Failure Cases with Cropping: If the attack information is globally distributed rather than localized, cropping might fail to eliminate the attack signal, rendering partial-perception supervision ineffective.
Dependency on Confidence Discrepancy Assumption: The method relies on the observation that "attacks cause model confidence to drop." If an attack technique keeps model confidence high despite being attacked, the defense may fail.

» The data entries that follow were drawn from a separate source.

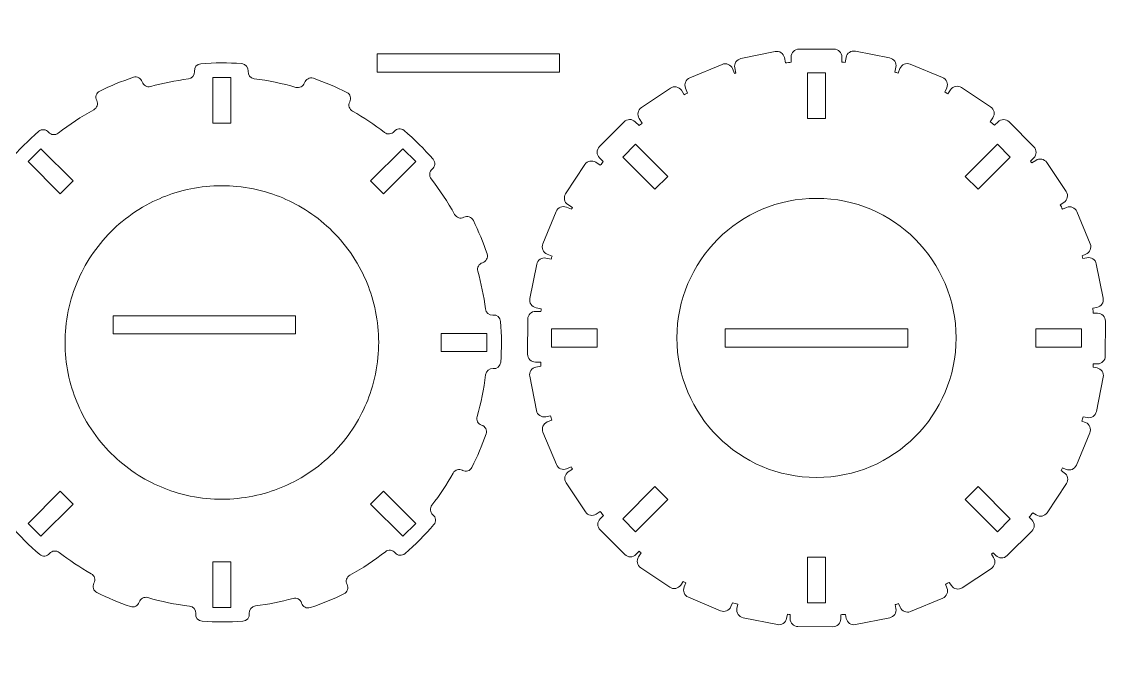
# Model space of a CAD drawing. Header units: centimetres. Extents: x -162 to 162, y -134 to 134.
# Drawn here: x 120.7 to 139.14, y -26.18 to -15.44 of the extents above; entities that cross this region are included whole.
import ezdxf

# ---------------------------------------------------------------- set-up
doc = ezdxf.new("R2010")
doc.units = ezdxf.units.CM
doc.header["$MEASUREMENT"] = 0
doc.layers.add('Capa 1', color=7, linetype='Continuous')
doc.layers.add('GUIDE', color=7, linetype='Continuous')

msp = doc.modelspace()

# ---------------------------------------------------------------- linework, layer by layer
at = {"layer": 'Capa 1', "lineweight": 9}
for points, knots in [([(126.62947, -15.97156), (126.62947, -15.97156), (129.67747, -15.97156), (129.67747, -15.97156), (129.67747, -15.97156), (129.67747, -16.27598), (129.67747, -16.27598), (129.67747, -16.27598), (126.62947, -16.27598), (126.62947, -16.27598), (126.62947, -16.27598), (126.62947, -15.97156), (126.62947, -15.97156)], [0, 0, 0, 0, 0.25, 0.25, 0.25, 0.5, 0.5, 0.5, 0.75, 0.75, 0.75, 1, 1, 1, 1]), ([(138.66112, -21.15157), (138.7336, -21.15173), (138.79301, -21.09258), (138.79319, -21.02012), (138.79319, -21.02012), (138.79451, -20.43667), (138.79451, -20.43667), (138.79467, -20.3642), (138.73553, -20.30478), (138.66307, -20.3046), (138.66307, -20.3046), (138.59243, -20.30445), (138.59243, -20.30445), (138.58993, -20.27682), (138.58756, -20.24918), (138.58457, -20.2217), (138.58457, -20.2217), (138.65356, -20.20784), (138.65356, -20.20784), (138.7246, -20.19355), (138.77105, -20.12375), (138.75676, -20.05271), (138.75676, -20.05271), (138.64179, -19.48068), (138.64179, -19.48068), (138.62753, -19.40964), (138.5577, -19.3632), (138.48666, -19.37747), (138.48666, -19.37747), (138.41641, -19.39159), (138.41641, -19.39159), (138.41195, -19.37673), (138.40823, -19.36158), (138.40363, -19.34681), (138.40363, -19.34681), (138.46916, -19.31978), (138.46916, -19.31978), (138.53616, -19.29217), (138.56836, -19.21475), (138.54074, -19.14776), (138.54074, -19.14776), (138.31832, -18.60835), (138.31832, -18.60835), (138.2907, -18.54136), (138.21329, -18.50915), (138.14629, -18.53678), (138.14629, -18.53678), (138.07764, -18.56509), (138.07764, -18.56509), (138.06554, -18.54217), (138.05367, -18.51914), (138.04119, -18.49646), (138.04119, -18.49646), (138.1027, -18.45521), (138.1027, -18.45521), (138.16288, -18.41487), (138.17912, -18.33259), (138.13875, -18.27241), (138.13875, -18.27241), (137.8138, -17.78781), (137.8138, -17.78781), (137.77344, -17.72763), (137.69118, -17.7114), (137.631, -17.75176), (137.631, -17.75176), (137.56706, -17.79463), (137.56706, -17.79463), (137.55892, -17.78467), (137.5508, -17.77471), (137.54258, -17.76482), (137.54258, -17.76482), (137.59723, -17.71055), (137.59723, -17.71055), (137.64865, -17.65949), (137.64894, -17.57564), (137.59787, -17.52422), (137.59787, -17.52422), (137.18673, -17.11025), (137.18673, -17.11025), (137.13566, -17.05882), (137.05181, -17.05854), (137.00039, -17.10961), (137.00039, -17.10961), (136.94401, -17.16558), (136.94401, -17.16558), (136.91982, -17.14541), (136.89502, -17.12597), (136.87041, -17.10628), (136.87041, -17.10628), (136.91477, -17.03935), (136.91477, -17.03935), (136.95481, -16.97896), (136.93813, -16.89677), (136.87775, -16.85674), (136.87775, -16.85674), (136.39141, -16.53439), (136.39141, -16.53439), (136.331, -16.49434), (136.24884, -16.51102), (136.20881, -16.57141), (136.20881, -16.57141), (136.16394, -16.6391), (136.16394, -16.6391), (136.14767, -16.63036), (136.13097, -16.62236), (136.11459, -16.61382), (136.11459, -16.61382), (136.14577, -16.53797), (136.14577, -16.53797), (136.17334, -16.47096), (136.14106, -16.39357), (136.07404, -16.36601), (136.07404, -16.36601), (135.53445, -16.14406), (135.53445, -16.14406), (135.46743, -16.11649), (135.39004, -16.14877), (135.36248, -16.21578), (135.36248, -16.21578), (135.33085, -16.2927), (135.33085, -16.2927), (135.31334, -16.28736), (135.29549, -16.28279), (135.27787, -16.27766), (135.27787, -16.27766), (135.29416, -16.1952), (135.29416, -16.1952), (135.30822, -16.12412), (135.26155, -16.05445), (135.19045, -16.0404), (135.19045, -16.0404), (134.61807, -15.92728), (134.61807, -15.92728), (134.54698, -15.91323), (134.47732, -15.9599), (134.46327, -16.03098), (134.46327, -16.03098), (134.44666, -16.11499), (134.44666, -16.11499), (134.42865, -16.11318), (134.41033, -16.11246), (134.39226, -16.11086), (134.39226, -16.11086), (134.39226, -16.02404), (134.39226, -16.02404), (134.39226, -15.95158), (134.33298, -15.89228), (134.2605, -15.89228), (134.2605, -15.89228), (133.67704, -15.89228), (133.67704, -15.89228), (133.60459, -15.89228), (133.54529, -15.95158), (133.54529, -16.02404), (133.54529, -16.02404), (133.54529, -16.11221), (133.54529, -16.11221), (133.5138, -16.11512), (133.48245, -16.1185), (133.45114, -16.12205), (133.45114, -16.12205), (133.43324, -16.03549), (133.43324, -16.03549), (133.41858, -15.96454), (133.34851, -15.91848), (133.27755, -15.93316), (133.27755, -15.93316), (132.70618, -16.05129), (132.70618, -16.05129), (132.6352, -16.06595), (132.58915, -16.13602), (132.60382, -16.20698), (132.60382, -16.20698), (132.62171, -16.29347), (132.62171, -16.29347), (132.61375, -16.2959), (132.60561, -16.29792), (132.59768, -16.30039), (132.59768, -16.30039), (132.56405, -16.2192), (132.56405, -16.2192), (132.53633, -16.15226), (132.45886, -16.12018), (132.39191, -16.14789), (132.39191, -16.14789), (131.85286, -16.37117), (131.85286, -16.37117), (131.78591, -16.39891), (131.75382, -16.47636), (131.78156, -16.54331), (131.78156, -16.54331), (131.81599, -16.62647), (131.81599, -16.62647), (131.79757, -16.6362), (131.77881, -16.64539), (131.76052, -16.65538), (131.76052, -16.65538), (131.71085, -16.58113), (131.71085, -16.58113), (131.67056, -16.5209), (131.58832, -16.5046), (131.52809, -16.54489), (131.52809, -16.54489), (131.04315, -16.86934), (131.04315, -16.86934), (130.98293, -16.90964), (130.96662, -16.9919), (131.00692, -17.05212), (131.00692, -17.05212), (131.05754, -17.12776), (131.05754, -17.12776), (131.03969, -17.14225), (131.02196, -17.15683), (131.00435, -17.17158), (131.00435, -17.17158), (130.9398, -17.10738), (130.9398, -17.10738), (130.88843, -17.05628), (130.80458, -17.0565), (130.75347, -17.10788), (130.75347, -17.10788), (130.34202, -17.52156), (130.34202, -17.52156), (130.29092, -17.57294), (130.29115, -17.65679), (130.34253, -17.70788), (130.34253, -17.70788), (130.40671, -17.77174), (130.40671, -17.77174), (130.38979, -17.79215), (130.3738, -17.81334), (130.35722, -17.83406), (130.35722, -17.83406), (130.28084, -17.78381), (130.28084, -17.78381), (130.22031, -17.74398), (130.13819, -17.76092), (130.09835, -17.82146), (130.09835, -17.82146), (129.77764, -18.30886), (129.77764, -18.30886), (129.73782, -18.36939), (129.75475, -18.45151), (129.81528, -18.49135), (129.81528, -18.49135), (129.89017, -18.54063), (129.89017, -18.54063), (129.88514, -18.55), (129.88056, -18.55966), (129.8756, -18.56908), (129.8756, -18.56908), (129.79234, -18.5347), (129.79234, -18.5347), (129.72535, -18.50705), (129.64793, -18.53921), (129.62027, -18.6062), (129.62027, -18.6062), (129.39758, -19.14549), (129.39758, -19.14549), (129.36994, -19.21247), (129.40211, -19.2899), (129.46909, -19.31756), (129.46909, -19.31756), (129.55036, -19.35112), (129.55036, -19.35112), (129.54525, -19.36758), (129.54113, -19.38446), (129.53619, -19.40101), (129.53619, -19.40101), (129.44906, -19.38362), (129.44906, -19.38362), (129.378, -19.36943), (129.30825, -19.41598), (129.29407, -19.48704), (129.29407, -19.48704), (129.17989, -20.05923), (129.17989, -20.05923), (129.16572, -20.1303), (129.21225, -20.20003), (129.28331, -20.21421), (129.28331, -20.21421), (129.36947, -20.23141), (129.36947, -20.23141), (129.36795, -20.24578), (129.36651, -20.26019), (129.36511, -20.2746), (129.36511, -20.2746), (129.27726, -20.27424), (129.27726, -20.27424), (129.2048, -20.27393), (129.14526, -20.33297), (129.14496, -20.40544), (129.14496, -20.40544), (129.14251, -20.98889), (129.14251, -20.98889), (129.14222, -21.06135), (129.20125, -21.12089), (129.2737, -21.12119), (129.2737, -21.12119), (129.36085, -21.12156), (129.36085, -21.12156), (129.36272, -21.14368), (129.36372, -21.16606), (129.36591, -21.1881), (129.36591, -21.1881), (129.28163, -21.20462), (129.28163, -21.20462), (129.21053, -21.21856), (129.16375, -21.28814), (129.17769, -21.35925), (129.17769, -21.35925), (129.28992, -21.93183), (129.28992, -21.93183), (129.30386, -22.00294), (129.37345, -22.04971), (129.44456, -22.03577), (129.44456, -22.03577), (129.52717, -22.01957), (129.52717, -22.01957), (129.53405, -22.04332), (129.54019, -22.06739), (129.54744, -22.09098), (129.54744, -22.09098), (129.47081, -22.12272), (129.47081, -22.12272), (129.40386, -22.15047), (129.37179, -22.22794), (129.39953, -22.29489), (129.39953, -22.29489), (129.62287, -22.83391), (129.62287, -22.83391), (129.65062, -22.90085), (129.72808, -22.93293), (129.79503, -22.90518), (129.79503, -22.90518), (129.87074, -22.87381), (129.87074, -22.87381), (129.87731, -22.88635), (129.88343, -22.89916), (129.89011, -22.91162), (129.89011, -22.91162), (129.82234, -22.95652), (129.82234, -22.95652), (129.76192, -22.99654), (129.74525, -23.07871), (129.78528, -23.13912), (129.78528, -23.13912), (130.10753, -23.62552), (130.10753, -23.62552), (130.14754, -23.68592), (130.22972, -23.70259), (130.29013, -23.66258), (130.29013, -23.66258), (130.35713, -23.61819), (130.35713, -23.61819), (130.37453, -23.63994), (130.39142, -23.66208), (130.40919, -23.68351), (130.40919, -23.68351), (130.35317, -23.73963), (130.35317, -23.73963), (130.30197, -23.79091), (130.30203, -23.87476), (130.35332, -23.92596), (130.35332, -23.92596), (130.76623, -24.33818), (130.76623, -24.33818), (130.81751, -24.38937), (130.90136, -24.38931), (130.95255, -24.33803), (130.95255, -24.33803), (131.00722, -24.28327), (131.00722, -24.28327), (131.01835, -24.29258), (131.02934, -24.30207), (131.04056, -24.31127), (131.04056, -24.31127), (130.99763, -24.3751), (130.99763, -24.3751), (130.95717, -24.43521), (130.97327, -24.51751), (131.03339, -24.55795), (131.03339, -24.55795), (131.5175, -24.88364), (131.5175, -24.88364), (131.57761, -24.92409), (131.65991, -24.908), (131.70035, -24.84786), (131.70035, -24.84786), (131.74181, -24.78624), (131.74181, -24.78624), (131.75679, -24.79449), (131.77169, -24.80283), (131.78675, -24.81092), (131.78675, -24.81092), (131.75809, -24.87904), (131.75809, -24.87904), (131.72998, -24.94584), (131.76163, -25.02348), (131.82842, -25.05158), (131.82842, -25.05158), (132.36621, -25.27789), (132.36621, -25.27789), (132.433, -25.306), (132.51064, -25.27435), (132.53875, -25.20755), (132.53875, -25.20755), (132.56657, -25.14145), (132.56657, -25.14145), (132.59517, -25.15058), (132.62401, -25.15915), (132.65285, -25.16774), (132.65285, -25.16774), (132.63885, -25.23821), (132.63885, -25.23821), (132.62473, -25.30929), (132.67132, -25.37899), (132.7424, -25.39312), (132.7424, -25.39312), (133.31467, -25.5068), (133.31467, -25.5068), (133.38576, -25.52094), (133.45546, -25.47433), (133.46958, -25.40325), (133.46958, -25.40325), (133.48325, -25.3344), (133.48325, -25.3344), (133.49793, -25.33596), (133.51262, -25.33737), (133.52733, -25.3388), (133.52733, -25.3388), (133.52707, -25.40902), (133.52707, -25.40902), (133.52678, -25.48148), (133.58583, -25.541), (133.6583, -25.54128), (133.6583, -25.54128), (134.24176, -25.54355), (134.24176, -25.54355), (134.31423, -25.54383), (134.37374, -25.48477), (134.37402, -25.41232), (134.37402, -25.41232), (134.3743, -25.34287), (134.3743, -25.34287), (134.40007, -25.34069), (134.42616, -25.33957), (134.45182, -25.33696), (134.45182, -25.33696), (134.46501, -25.40357), (134.46501, -25.40357), (134.47909, -25.47466), (134.54876, -25.52129), (134.61984, -25.50722), (134.61984, -25.50722), (135.1922, -25.39389), (135.1922, -25.39389), (135.26327, -25.37981), (135.30992, -25.31014), (135.29584, -25.23905), (135.29584, -25.23905), (135.28283, -25.17332), (135.28283, -25.17332), (135.30187, -25.16773), (135.32119, -25.16285), (135.34013, -25.15704), (135.34013, -25.15704), (135.36529, -25.21808), (135.36529, -25.21808), (135.39289, -25.28509), (135.4703, -25.31732), (135.5373, -25.28971), (135.5373, -25.28971), (136.07676, -25.06742), (136.07676, -25.06742), (136.14376, -25.03982), (136.17598, -24.9624), (136.14838, -24.89541), (136.14838, -24.89541), (136.12315, -24.83417), (136.12315, -24.83417), (136.14387, -24.82332), (136.1651, -24.81331), (136.18565, -24.80215), (136.18565, -24.80215), (136.22178, -24.8563), (136.22178, -24.8563), (136.262, -24.91658), (136.34423, -24.93298), (136.4045, -24.89276), (136.4045, -24.89276), (136.88982, -24.56887), (136.88982, -24.56887), (136.95009, -24.52865), (136.96648, -24.44643), (136.92627, -24.38616), (136.92627, -24.38616), (136.88951, -24.33107), (136.88951, -24.33107), (136.89916, -24.32328), (136.9092, -24.31597), (136.91875, -24.30809), (136.91875, -24.30809), (136.96482, -24.35474), (136.96482, -24.35474), (137.01572, -24.40631), (137.09959, -24.40684), (137.15114, -24.35593), (137.15114, -24.35593), (137.56635, -23.94601), (137.56635, -23.94601), (137.61791, -23.89509), (137.61844, -23.81126), (137.56753, -23.75968), (137.56753, -23.75968), (137.52097, -23.7125), (137.52097, -23.7125), (137.54176, -23.68784), (137.56235, -23.663), (137.58265, -23.6379), (137.58265, -23.6379), (137.63773, -23.67465), (137.63773, -23.67465), (137.698, -23.71487), (137.78023, -23.69846), (137.82044, -23.63819), (137.82044, -23.63819), (138.1443, -23.15284), (138.1443, -23.15284), (138.18451, -23.09257), (138.1681, -23.01034), (138.10783, -22.97013), (138.10783, -22.97013), (138.05371, -22.93401), (138.05371, -22.93401), (138.06178, -22.91913), (138.06897, -22.90371), (138.07689, -22.88875), (138.07689, -22.88875), (138.13782, -22.91415), (138.13782, -22.91415), (138.20471, -22.94203), (138.28223, -22.91013), (138.31012, -22.84324), (138.31012, -22.84324), (138.53461, -22.30469), (138.53461, -22.30469), (138.5625, -22.23781), (138.53058, -22.16028), (138.4637, -22.13239), (138.4637, -22.13239), (138.4031, -22.10713), (138.4031, -22.10713), (138.41031, -22.08405), (138.41626, -22.06045), (138.42309, -22.03722), (138.42309, -22.03722), (138.48874, -22.0503), (138.48874, -22.0503), (138.5598, -22.06447), (138.62954, -22.01791), (138.64369, -21.94685), (138.64369, -21.94685), (138.75778, -21.37465), (138.75778, -21.37465), (138.77195, -21.30358), (138.7254, -21.23385), (138.65433, -21.21968), (138.65433, -21.21968), (138.58765, -21.20639), (138.58765, -21.20639), (138.58953, -21.18817), (138.5905, -21.16969), (138.59216, -21.15141), (138.59216, -21.15141), (138.66112, -21.15157), (138.66112, -21.15157)], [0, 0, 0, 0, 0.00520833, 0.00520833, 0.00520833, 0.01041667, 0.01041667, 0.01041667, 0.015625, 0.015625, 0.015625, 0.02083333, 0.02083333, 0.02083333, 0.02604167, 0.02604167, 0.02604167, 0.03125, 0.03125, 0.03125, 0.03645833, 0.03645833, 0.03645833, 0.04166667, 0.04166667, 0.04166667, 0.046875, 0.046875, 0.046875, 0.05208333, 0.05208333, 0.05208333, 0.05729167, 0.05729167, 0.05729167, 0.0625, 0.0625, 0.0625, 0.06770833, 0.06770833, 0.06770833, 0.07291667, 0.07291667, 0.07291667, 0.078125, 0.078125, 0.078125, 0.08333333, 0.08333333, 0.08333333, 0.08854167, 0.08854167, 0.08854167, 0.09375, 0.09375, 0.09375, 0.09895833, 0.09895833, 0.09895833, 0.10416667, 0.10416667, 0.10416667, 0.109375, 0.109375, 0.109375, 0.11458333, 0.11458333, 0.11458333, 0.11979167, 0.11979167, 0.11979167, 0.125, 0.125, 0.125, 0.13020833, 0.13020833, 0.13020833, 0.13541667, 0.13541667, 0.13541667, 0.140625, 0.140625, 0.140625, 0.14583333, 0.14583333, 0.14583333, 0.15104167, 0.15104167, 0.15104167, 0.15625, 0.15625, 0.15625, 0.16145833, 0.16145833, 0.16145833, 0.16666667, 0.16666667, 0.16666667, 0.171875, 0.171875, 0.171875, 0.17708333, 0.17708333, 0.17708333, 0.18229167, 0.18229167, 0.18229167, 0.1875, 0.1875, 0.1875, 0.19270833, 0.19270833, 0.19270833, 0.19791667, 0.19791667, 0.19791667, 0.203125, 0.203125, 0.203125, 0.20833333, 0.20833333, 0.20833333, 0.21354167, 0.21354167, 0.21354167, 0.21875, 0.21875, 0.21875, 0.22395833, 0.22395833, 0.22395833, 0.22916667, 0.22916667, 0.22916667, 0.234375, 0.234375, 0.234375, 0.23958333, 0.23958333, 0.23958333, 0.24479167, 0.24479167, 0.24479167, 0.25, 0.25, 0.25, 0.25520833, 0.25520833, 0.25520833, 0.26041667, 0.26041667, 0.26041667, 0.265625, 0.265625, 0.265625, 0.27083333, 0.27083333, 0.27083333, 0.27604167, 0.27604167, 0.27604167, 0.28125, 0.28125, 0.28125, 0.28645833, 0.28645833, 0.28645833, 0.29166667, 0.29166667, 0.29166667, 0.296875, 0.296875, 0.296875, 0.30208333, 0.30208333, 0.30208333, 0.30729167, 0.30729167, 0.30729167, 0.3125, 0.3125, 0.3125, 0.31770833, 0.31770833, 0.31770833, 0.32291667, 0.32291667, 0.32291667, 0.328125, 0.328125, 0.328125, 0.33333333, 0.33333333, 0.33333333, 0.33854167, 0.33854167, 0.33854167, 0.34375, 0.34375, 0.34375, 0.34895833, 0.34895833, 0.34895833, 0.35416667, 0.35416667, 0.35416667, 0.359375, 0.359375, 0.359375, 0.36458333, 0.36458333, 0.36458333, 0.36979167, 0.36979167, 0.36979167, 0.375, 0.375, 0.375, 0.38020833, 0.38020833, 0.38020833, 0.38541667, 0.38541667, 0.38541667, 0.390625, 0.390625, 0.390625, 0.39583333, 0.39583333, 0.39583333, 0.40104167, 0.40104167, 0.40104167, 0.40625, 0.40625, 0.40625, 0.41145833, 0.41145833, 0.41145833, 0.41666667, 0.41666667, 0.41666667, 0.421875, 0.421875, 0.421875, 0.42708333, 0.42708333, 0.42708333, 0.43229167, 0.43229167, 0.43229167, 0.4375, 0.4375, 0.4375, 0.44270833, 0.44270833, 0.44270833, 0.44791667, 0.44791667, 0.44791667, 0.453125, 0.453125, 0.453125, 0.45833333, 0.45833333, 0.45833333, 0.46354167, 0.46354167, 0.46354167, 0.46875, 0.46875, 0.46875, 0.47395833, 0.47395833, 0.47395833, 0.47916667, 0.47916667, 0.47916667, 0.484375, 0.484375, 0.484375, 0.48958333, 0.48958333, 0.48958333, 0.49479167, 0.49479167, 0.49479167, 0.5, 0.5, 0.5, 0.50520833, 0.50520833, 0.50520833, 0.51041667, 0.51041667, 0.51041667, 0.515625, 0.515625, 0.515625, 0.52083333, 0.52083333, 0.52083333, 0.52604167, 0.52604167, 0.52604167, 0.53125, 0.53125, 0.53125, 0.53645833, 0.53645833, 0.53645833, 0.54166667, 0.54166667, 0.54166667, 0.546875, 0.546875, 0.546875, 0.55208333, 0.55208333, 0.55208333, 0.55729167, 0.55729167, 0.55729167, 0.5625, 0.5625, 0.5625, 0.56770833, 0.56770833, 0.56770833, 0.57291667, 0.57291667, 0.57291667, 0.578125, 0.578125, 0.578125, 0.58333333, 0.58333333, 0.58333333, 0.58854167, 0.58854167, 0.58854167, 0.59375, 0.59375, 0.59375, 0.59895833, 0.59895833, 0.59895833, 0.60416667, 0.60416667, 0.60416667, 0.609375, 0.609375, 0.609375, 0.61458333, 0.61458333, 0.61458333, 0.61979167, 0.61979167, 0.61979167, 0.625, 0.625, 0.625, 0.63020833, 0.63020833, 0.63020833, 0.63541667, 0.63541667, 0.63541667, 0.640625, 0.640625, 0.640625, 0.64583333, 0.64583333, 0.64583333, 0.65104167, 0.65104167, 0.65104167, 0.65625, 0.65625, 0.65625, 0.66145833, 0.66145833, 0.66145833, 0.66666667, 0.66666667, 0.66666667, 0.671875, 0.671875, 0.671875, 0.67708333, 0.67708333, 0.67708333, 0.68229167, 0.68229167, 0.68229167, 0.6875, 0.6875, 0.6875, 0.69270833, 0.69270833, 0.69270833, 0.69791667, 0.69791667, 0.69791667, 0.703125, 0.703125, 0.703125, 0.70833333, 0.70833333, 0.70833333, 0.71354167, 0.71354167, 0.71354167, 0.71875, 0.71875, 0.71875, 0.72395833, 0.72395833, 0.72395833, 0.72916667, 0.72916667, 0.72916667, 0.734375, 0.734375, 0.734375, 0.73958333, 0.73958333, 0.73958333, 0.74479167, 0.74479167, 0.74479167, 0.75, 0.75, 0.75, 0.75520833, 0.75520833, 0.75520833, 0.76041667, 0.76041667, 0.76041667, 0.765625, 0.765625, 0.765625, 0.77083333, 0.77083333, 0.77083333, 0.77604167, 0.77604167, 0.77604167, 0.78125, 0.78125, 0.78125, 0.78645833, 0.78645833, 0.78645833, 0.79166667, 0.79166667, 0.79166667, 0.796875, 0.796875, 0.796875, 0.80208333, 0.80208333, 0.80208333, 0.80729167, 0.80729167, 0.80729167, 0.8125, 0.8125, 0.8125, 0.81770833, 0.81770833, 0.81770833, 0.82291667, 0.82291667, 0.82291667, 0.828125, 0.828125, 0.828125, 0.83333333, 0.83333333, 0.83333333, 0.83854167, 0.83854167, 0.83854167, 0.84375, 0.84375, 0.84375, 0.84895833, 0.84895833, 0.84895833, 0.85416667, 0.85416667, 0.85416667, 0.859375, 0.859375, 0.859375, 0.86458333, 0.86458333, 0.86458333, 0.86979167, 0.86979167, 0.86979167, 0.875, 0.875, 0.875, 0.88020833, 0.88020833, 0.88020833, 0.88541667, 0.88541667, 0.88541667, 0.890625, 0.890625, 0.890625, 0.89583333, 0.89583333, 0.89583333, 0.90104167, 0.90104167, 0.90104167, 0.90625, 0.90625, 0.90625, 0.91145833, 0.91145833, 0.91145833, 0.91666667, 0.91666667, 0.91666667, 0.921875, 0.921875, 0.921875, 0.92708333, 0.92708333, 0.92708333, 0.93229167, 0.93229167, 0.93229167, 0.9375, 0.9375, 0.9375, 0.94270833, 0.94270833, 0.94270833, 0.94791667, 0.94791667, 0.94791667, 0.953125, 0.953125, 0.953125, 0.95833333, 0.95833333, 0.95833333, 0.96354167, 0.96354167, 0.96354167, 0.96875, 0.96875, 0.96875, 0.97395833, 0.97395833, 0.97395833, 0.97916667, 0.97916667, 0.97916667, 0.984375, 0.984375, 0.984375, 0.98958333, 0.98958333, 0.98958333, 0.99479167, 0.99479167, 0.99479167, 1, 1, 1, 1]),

Evaluation Limited to API Models: Main experiments are conducted on proprietary API models (Qwen-VL-Plus, GPT-4o-Mini, Gemini-1.5-Flash), with open-source models verified only through additional experiments on Qwen2.5-VL-32B.
Scope for Enhancing Interaction Strategies: A simple two-step prompting approach is currently used; more sophisticated interaction mechanisms (e.g., multi-turn debates) could potentially yield further improvements.

Rating¶

Novelty: ⭐⭐⭐⭐ — Applying the weak-to-strong supervision paradigm to visual attack defense offers a brand-new perspective.
Experimental Thoroughness: ⭐⭐⭐⭐ — Evaluated across three models, six datasets, and seven baselines, covering both misleading and jailbreak attacks.
Writing Quality: ⭐⭐⭐⭐ — The motivation analysis in Section 3 is progressive and clearly structured.
Value: ⭐⭐⭐⭐ — High practicality (black-box and training-free), though the computational overhead may limit its deployment scenarios.